Das erstma zur Vorgeschichte. Nu meine Frage: Gibt es mittlerweile 9 oder 10-stellige normale Handynummern? Oder ist da was nicht ganz koscher? Gibt es eventuell junge hübsche Mädels, die Typen ansprechen und irgendwelche kostenpflichtige Handynr. verteilen oder bin ich ein wenig paranoid. :roll: 

Jedenfalls habe ich eben mal ne Mail an ihre Arcor-Addy geschrieben und gebeten, sie soll mir doch noch mal die Nr. zusenden. 

Schon mal Danke für mögliche Meinungen.


----------



## OlSt (18 Februar 2007)

*AW: 10-stellige Handynummer*



Ash schrieb:


> Jedenfalls habe ich eben mal ne Mail an ihre Arcor-Addy geschrieben und gebeten, sie soll mir doch noch mal die Nr. zusenden.
> 
> Schon mal Danke für mögliche Meinungen.



na wenn du die Süsse "live" getroffen hast... ich wünsch dir dass du sie wieder triffst/hörst/liest!


----------



## BenTigger (23 Februar 2007)

*AW: 10-stellige Handynummer*

Info:

0160 ist ne normale Handynummer die auch nach der 0160 noch 8 und 9 weitere Zahlen haben. (Meine hat 8 Zahlen nach der 0160)

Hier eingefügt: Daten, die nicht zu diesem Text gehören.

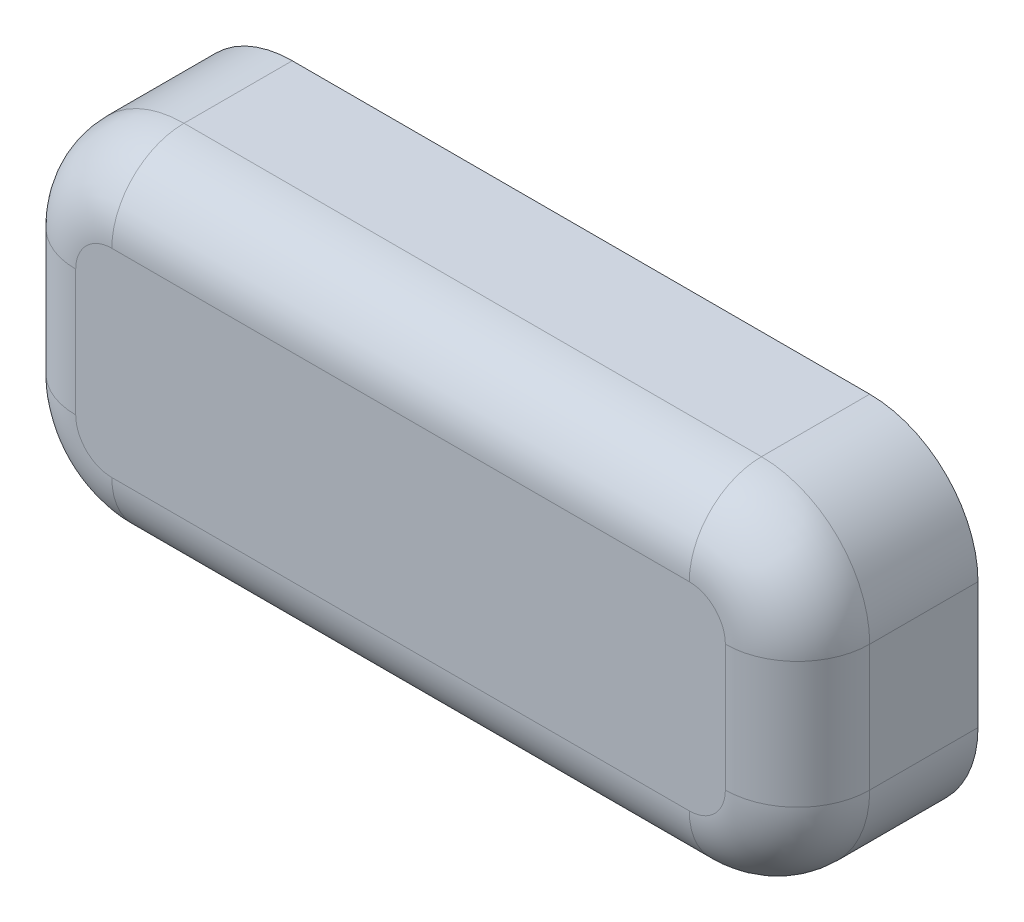
SolidWorks part; units mm, degrees
ref_plane "Front Plane" through (0, 0, 0) normal (0, 0, 1) x (1, 0, 0)
ref_plane "Top Plane" through (0, 0, 0) normal (0, 1, 0) x (1, 0, 0)
ref_plane "Right Plane" through (0, 0, 0) normal (1, 0, 0) x (0, 0, -1)
sketch "Sketch1" plane through (0, 0, 0) normal (0, 0, 1) x (1, 0, 0)
  line L1 (0, 0) -> (220, 0)
  line L2 (0, 0) -> (0, -95)
  line L3 (0, -95) -> (220, -95)
  line L4 (220, 0) -> (220, -95)
  dimension "D1" = 95
  dimension "D2" = 220
extrude "Boss-Extrude1" add sketch "Sketch1" along normal blind 50
fillet "Fillet1" radius 30 4 edges at (220, -95, 25) (220, 0, 25) (0, -95, 25) (0, 0, 25)
fillet "Fillet2" radius 20 8 edges at (8.7868, -86.2132, 50) (0, -47.5, 50) (8.7868, -8.7868, 50) (110, 0, 50) (211.2132, -8.7868, 50) (220, -47.5, 50) (211.2132, -86.2132, 50) (110, -95, 50)
shell "Shell1" thickness 1.5
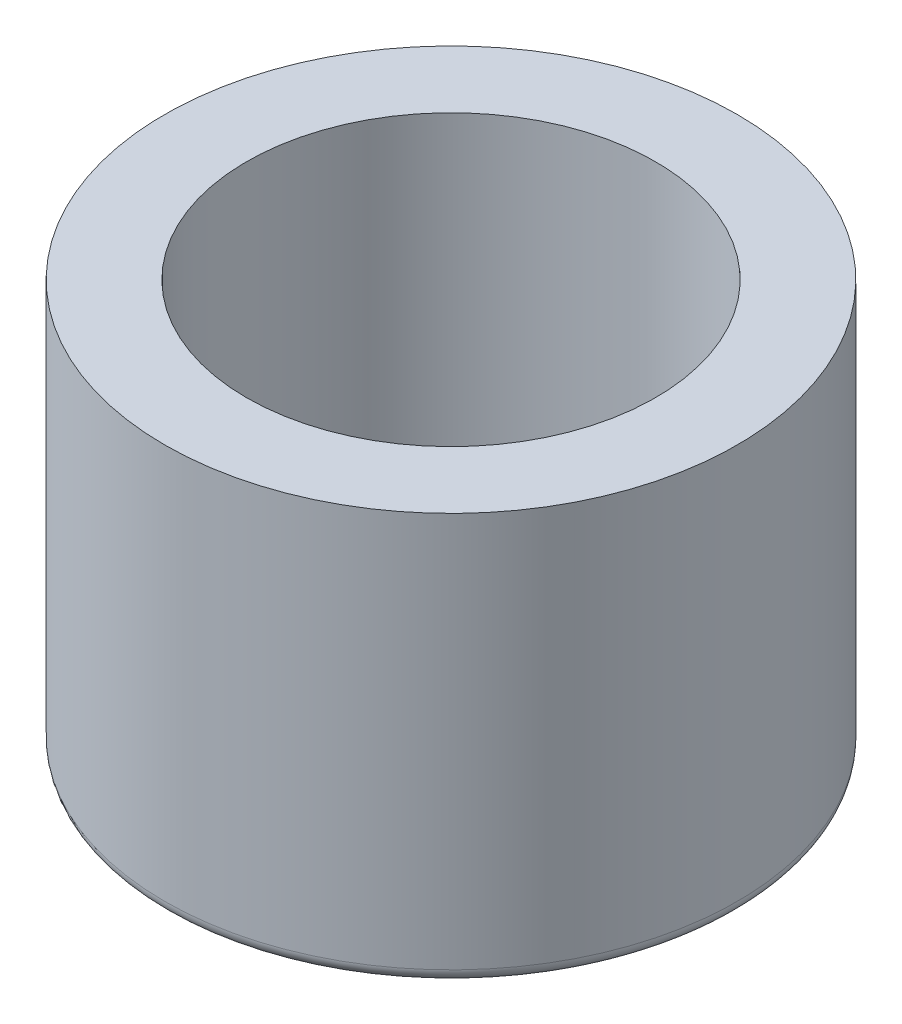
SolidWorks part; units mm, degrees
ref_plane "Front Plane" through (0, 0, 0) normal (0, 0, 1) x (1, 0, 0)
ref_plane "Top Plane" through (0, 0, 0) normal (0, 1, 0) x (1, 0, 0)
ref_plane "Right Plane" through (0, 0, 0) normal (1, 0, 0) x (0, 0, -1)
sketch "Sketch1" plane through (0, 0, 0) normal (0, 1, 0) x (1, 0, 0)
  circle A0 centre (0, 0) radius 10.5
  dimension "D1" = 21
extrude "Boss-Extrude1" add sketch "Sketch1" along normal blind 15
sketch "Sketch2" plane through (0, 15, 0) normal (0, 1, 0) x (1, 0, 0)
  circle A0 centre (0, 0) radius 7.5
  dimension "D1" = 15
extrude "Cut-Extrude1" cut sketch "Sketch2" against normal up to surface (15 mm away) up to face at (0, 0, 10.5)
fillet "Fillet1" radius 0.5 1 edges at (0, 0, 10.5)
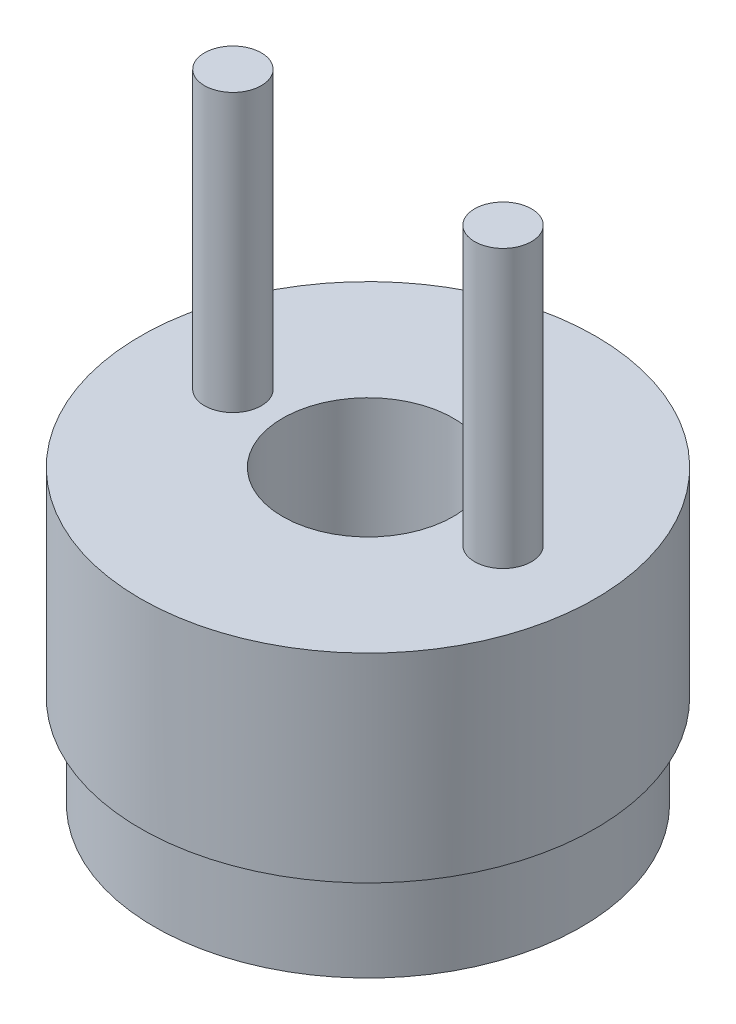
SolidWorks part; units mm, degrees
ref_plane "Front Plane" through (0, 0, 0) normal (0, 0, 1) x (1, 0, 0)
ref_plane "Top Plane" through (0, 0, 0) normal (0, 1, 0) x (1, 0, 0)
ref_plane "Right Plane" through (0, 0, 0) normal (1, 0, 0) x (0, 0, -1)
sketch "Sketch1" plane through (0, 0, 0) normal (0, 1, 0) x (1, 0, 0)
  circle A0 centre (0, 0) radius 16
extrude "Boss-Extrude1" add sketch "Sketch1" along normal blind 40
sketch "Sketch2" plane through (0, 40, 0) normal (0, 1, 0) x (1, 0, 0)
  circle A0 centre (0, 0) radius 6
extrude "Cut-Extrude1" cut sketch "Sketch2" against normal through all
ref_plane "Plane1" through (0, 0, 0) normal (0, -1, 0) x (-1, 0, 0)
sketch "Sketch4" plane through (0, 0, 0) normal (0, -1, 0) x (-1, 0, 0)
  circle A0 centre (0, 0) radius 20
  circle A1 centre (0, 0) radius 15
extrude "Cut-Extrude2" cut sketch "Sketch4" against normal blind 26
sketch "Sketch5" plane through (0, 0, 0) normal (0, -1, 0) x (1, 0, 0)
  circle A0 centre (0, 0) radius 15
extrude "Cut-Extrude3" cut sketch "Sketch5" against normal blind 19.5
sketch "Sketch3" plane through (0, 19.5, 0) normal (0, 1, 0) x (1, 0, 0)
  line L0 (0, 0) -> (21.5142, 0) construction
  line L1 (0, 0) -> (0, 12.4817) construction
  circle A0 centre (-9.5, 0) radius 2
  circle A1 centre (9.5, 0) radius 2
  dimension "D1" = 9.5
extrude "Boss-Extrude2" add sketch "Sketch3" along normal blind 40 separate body
sketch "Sketch7" plane through (0, 0, 0) normal (0, -1, 0) x (-1, 0, 0)
  circle A0 centre (9.5, 0) radius 2
  circle A1 centre (-9.5, 0) radius 2
extrude "Cut-Extrude5" cut sketch "Sketch7" against normal through all
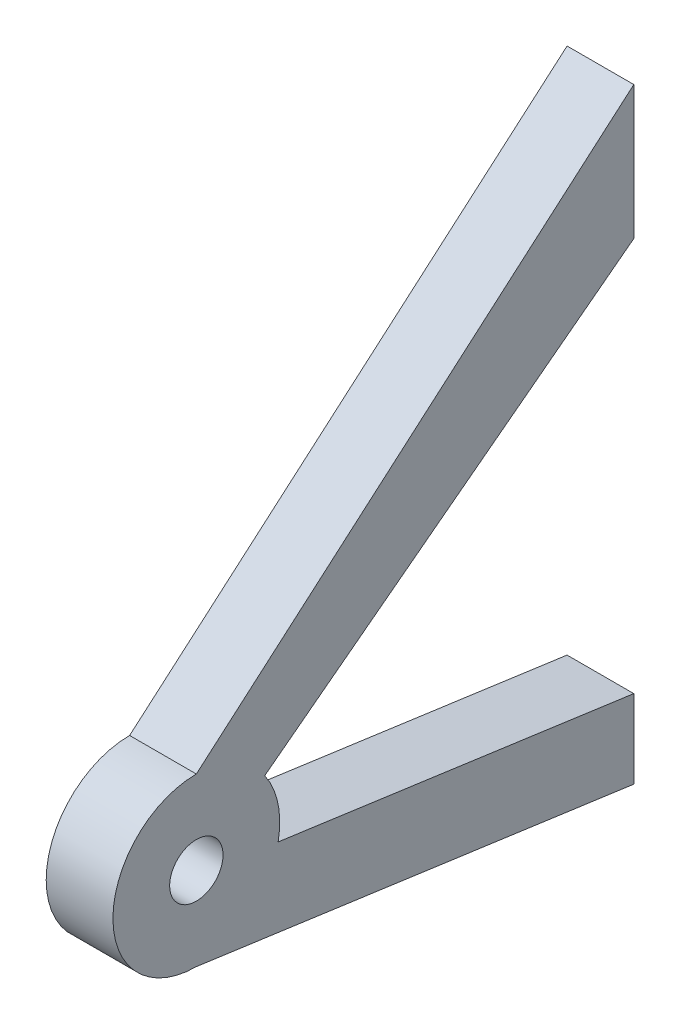
SolidWorks part; units mm, degrees
material "ABS PC"
ref_plane "Front Plane" through (0, 0, 0) normal (0, 0, 1) x (1, 0, 0)
ref_plane "Top Plane" through (0, 0, 0) normal (0, 1, 0) x (1, 0, 0)
ref_plane "Right Plane" through (0, 0, 0) normal (1, 0, 0) x (0, 0, -1)
sketch "Sketch1" plane through (-21.5772, 0, 0) normal (1, 0, 0) x (0, 0, -1)
  line L0 (-164.0139, 25.3566) -> (-122.3872, 61.3617)
  line L1 (-122.3872, 61.3617) -> (-122.3872, 1.1453)
  line L2 (-101.991, 1.1453) -> (-132.598, 1.1453) construction
  line L3 (-122.3872, 3.1229) -> (-122.3872, -3.6172) construction
  line L4 (-122.3872, 3.703) -> (-164.0139, 9.4816)
  line L5 (-122.3872, 48.6685) -> (-157.5073, 21.9654)
  line L6 (-156.2295, 15.8678) -> (-122.3872, 11.1698)
  circle A0 centre (-164.0139, 17.4191) radius 2.54
  arc A1 (-164.0139, 25.3566) -> (-164.0139, 9.4816) centre (-164.0139, 17.4191) ccw
  arc A2 (-157.5073, 21.9654) -> (-156.2295, 15.8678) centre (-164.0139, 17.4191) cw
  arc A3 (-156.2295, 15.8678) -> (-157.5073, 21.9654) centre (-164.0139, 17.4191) ccw
  dimension "D1" = 5.08
  dimension "D2" = 15.875
extrude "Boss-Extrude1" add sketch "Sketch1" against normal blind 6.35 contours A2 L5 L1 L0 A1 L4 L6 A0
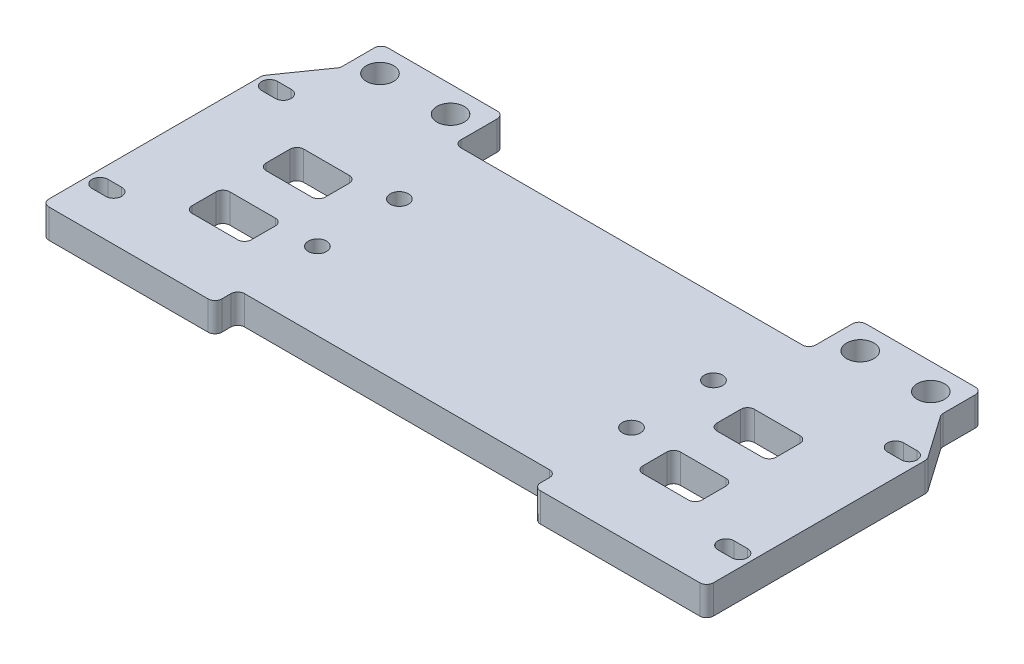
SolidWorks part; units mm, degrees
material "1060 Alloy"
ref_plane "Front Plane" through (0, 0, 0) normal (0, 0, 1) x (1, 0, 0)
ref_plane "Top Plane" through (0, 0, 0) normal (0, 1, 0) x (1, 0, 0)
ref_plane "Right Plane" through (0, 0, 0) normal (1, 0, 0) x (0, 0, -1)
sketch "Sketch1" plane through (0, 0, 0) normal (0, 1, 0) x (1, 0, 0)
  line L0 (38, 0) -> (38, 5)
  line L1 (0, 0) -> (38, 0)
  line L2 (0, 0) -> (0, 48.5)
  line L3 (7, 67.5) -> (34, 67.5)
  line L4 (96, 0) -> (96, 48.5)
  line L5 (0, 48.5) -> (7, 58.5)
  line L6 (7, 58.5) -> (7, 67.5)
  line L7 (34, 67.5) -> (34, 56.5)
  line L8 (48, -139.8616) -> (48, 139.8616) construction
  line L9 (58, 0) -> (58, 5)
  line L10 (96, 48.5) -> (89, 58.5)
  line L11 (89, 58.5) -> (89, 67.5)
  line L12 (62, 67.5) -> (62, 56.5)
  line L13 (38, 5) -> (58, 5)
  line L14 (58, 0) -> (96, 0)
  line L15 (34, 56.5) -> (62, 56.5)
  line L16 (62, 67.5) -> (89, 67.5)
  line L17 (79, 14.5) -> (66, 14.5)
  line L18 (17, 39) -> (30, 39)
  line L19 (17, 39) -> (17, 30.75)
  line L20 (17, 30.75) -> (30, 30.75)
  line L21 (30, 39) -> (30, 30.75)
  line L22 (17, 22.75) -> (30, 22.75)
  line L23 (17, 22.75) -> (17, 14.5)
  line L24 (17, 14.5) -> (30, 14.5)
  line L25 (30, 22.75) -> (30, 14.5)
  line L26 (66, 22.75) -> (66, 14.5)
  line L27 (79, 22.75) -> (66, 22.75)
  line L28 (79, 22.75) -> (79, 14.5)
  line L29 (79, 30.75) -> (66, 30.75)
  line L30 (66, 39) -> (66, 30.75)
  line L31 (79, 39) -> (66, 39)
  line L32 (79, 39) -> (79, 30.75)
  line L33 (2.75, 11.75) -> (5.75, 11.75)
  line L34 (2.75, 8.25) -> (5.75, 8.25)
  line L35 (93.25, 8.25) -> (90.25, 8.25)
  line L36 (93.25, 11.75) -> (90.25, 11.75)
  line L37 (-107.8769, 28.625) -> (107.8769, 28.625) construction
  line L38 (93.25, 45.5) -> (90.25, 45.5)
  line L39 (93.25, 49) -> (90.25, 49)
  line L40 (2.75, 49) -> (5.75, 49)
  line L41 (2.75, 45.5) -> (5.75, 45.5)
  circle A0 centre (38.5, 40) radius 2
  circle A1 centre (38.5, 22) radius 2
  circle A2 centre (57.5, 22) radius 2
  circle A3 centre (57.5, 40) radius 2
  arc A4 (2.75, 11.75) -> (2.75, 8.25) centre (2.75, 10) ccw
  arc A5 (5.75, 8.25) -> (5.75, 11.75) centre (5.75, 10) ccw
  arc A6 (93.25, 11.75) -> (93.25, 8.25) centre (93.25, 10) cw
  arc A7 (90.25, 8.25) -> (90.25, 11.75) centre (90.25, 10) cw
  arc A8 (93.25, 45.5) -> (93.25, 49) centre (93.25, 47.25) ccw
  arc A9 (90.25, 49) -> (90.25, 45.5) centre (90.25, 47.25) ccw
  arc A10 (2.75, 45.5) -> (2.75, 49) centre (2.75, 47.25) cw
  arc A11 (5.75, 49) -> (5.75, 45.5) centre (5.75, 47.25) cw
  circle A12 centre (12.5, 61.75) radius 3
  circle A13 centre (28, 61.75) radius 3
  circle A14 centre (68, 61.75) radius 3
  circle A15 centre (83.5, 61.75) radius 3
  point P14 (48, 0)
  point P59 (0, 28.625)
  dimension "D18" = 4
  dimension "D22" = 3.5
  dimension "D23" = 10
  dimension "D24" = 2.75
  dimension "D25" = 3.5
  dimension "D28" = 6
  dimension "D29" = 5.75
  dimension "D31" = 15.5
  dimension "D1" = 96
  dimension "D2" = 27
  dimension "D3" = 38
  dimension "D4" = 5
  dimension "D5" = 19
  dimension "D6" = 7
  dimension "D7" = 10
  dimension "D8" = 11
  dimension "D9" = 67.5
  dimension "D10" = 8.25
  dimension "D11" = 8.25
  dimension "D12" = 13
  dimension "D13" = 13
  dimension "D14" = 17
  dimension "D15" = 17
  dimension "D16" = 14.5
  dimension "D17" = 8
  dimension "D19" = 16.5
  dimension "D20" = 8.5
  dimension "D21" = 18
  dimension "D26" = 3
  dimension "D27" = 18.625
  dimension "D30" = 5.5
extrude "Boss-Extrude1" add sketch "Sketch1" along normal blind 6.35
fillet "Fillet1" radius 1.5 32 edges at (17, 3.175, -30.75) (17, 3.175, -14.5) (17, 3.175, -22.75) (17, 3.175, -39) (66, 3.175, -22.75) (66, 3.175, -39) (66, 3.175, -30.75) (66, 3.175, -14.5) (79, 3.175, -14.5) (79, 3.175, -30.75) (79, 3.175, -39) (79, 3.175, -22.75) (30, 3.175, -22.75) (30, 3.175, -14.5) (30, 3.175, -30.75) (30, 3.175, -39) (38, 3.175, -5) (58, 3.175, -5) (96, 3.175, -48.5) (89, 3.175, -58.5) (89, 3.175, -67.5) (62, 3.175, -67.5) (62, 3.175, -56.5) (34, 3.175, -56.5) (34, 3.175, -67.5) (7, 3.175, -67.5) (7, 3.175, -58.5) (0, 3.175, -48.5) (0, 3.175, 0) (96, 3.175, 0) (58, 3.175, 0) (38, 3.175, 0)
ref_plane "Plane1" through (48, 0, 0) normal (1, 0, 0) x (0, 0, -1)
sketch "Sketch2" plane through (48, 0, 0) normal (1, 0, 0) x (0, 0, -1)
  line L1 (-7.8701, 8.545) -> (74.4577, 8.545)
  line L2 (-7.8701, 8.545) -> (-7.8701, -5.9133)
  line L3 (-7.8701, -5.9133) -> (74.4577, -5.9133)
  line L4 (74.4577, 8.545) -> (74.4577, -5.9133)
extrude "Cut-Extrude1" cut sketch "Sketch2" along normal blind 51
sketch "Sketch3" plane through (48, 0, 0) normal (1, 0, 0) x (0, 0, -1)
  line L4 (5, 6.35) -> (5, 0)
  line L5 (5, 0) -> (56.5, 0)
  line L6 (56.5, 0) -> (56.5, 6.35)
  line L7 (56.5, 6.35) -> (5, 6.35)
  line L8 (5, 6.35) -> (5, 0)
  line L9 (5, 0) -> (56.5, 0)
  line L10 (56.5, 0) -> (56.5, 6.35)
  line L11 (56.5, 6.35) -> (5, 6.35)
  dimension "D1" = 0
extrude "Boss-Extrude2" add sketch "Sketch3" along normal blind 25
mirror "Mirror1" about plane through (73, 0, 0) normal (1, 0, 0) of bodies 103

Ausserdem bietet Arcor seinen Kunden an, monatlich 10 SMS kostenlos zu versenden und man kann weitere SMS kostengünstig kaufen. Ich habe z.B. grade noch 60 SMS zum versenden. Es erscheint als Absender dann meine Mailadresse. Das ist also noch kein Anzeichen einer Abzocke sondern nur eine kostengünstige Art des SMS Versandes. Jedoch mein Lieblingsvorteil an der Art des Versandes ist das einfache Tippen der SMS


----------



## Unregistriert (23 Februar 2007)

*AW: 10-stellige Handynummer*

also handynummern mit 10 stellen gibt es definitiv nicht in deutschland..zumindest nicht nach der "vorwahl"


----------



## Unregistriert (3 März 2007)

*AW: 10-stellige Handynummer*

Hi,

hatte gstern auch so ein "erlebnis".

habe eine über Freenet kennengelernt und ihr meine Handy-Nr. gegeben.
gestern bekam ich eine sms von ihr mit dem absender 89999.

habe dummerweise 1x zurückgeschrieben....

hat dann gemeint das sie das telefon von ihrer freundin ausgeliehen hätte, da sie cola auf ihr handy geschüttet hätte sie musste ihr handy einschicken.
und da sie kürzlich umgezogen sei hätte arcor auch noch nicht ihr telefon freigeschaltet.
hat sich dafür entschuldigt das die sms die ich schreiben würde so teuer ist und das sie es nicht gewusst hat.
daraufhin hat sie mir dann ihre handy-nr. geschickt 0160 - dann 7-stellig.

tja, jetzt weiß ich nicht ob das auch wieder eine abzocke ist ?!

was meint ihr ?

Gruss
SPIDER


----------



## Elias (15 März 2022)

Bei mir ist es so mich hat einen Nummer angerufen mit 49 also deutsche Nummer aber danach kamen nur 8 zahlen also insgesamt 9 wen man die 0 mit berechnet und ich habe sie dann angerufen und dann kam die Nummer ist nicht vollständig und rufen sie bitte die Auskunft an 

Falls mir einer weiter helfen kann bitte antworten


----------



## jupp11 (15 März 2022)

Warum willst  du eine vermutliche gespoofte Nummer anrufen?


----------



## BenTigger (15 März 2022)

Wer was von dir will, ruft schon wieder an.


----------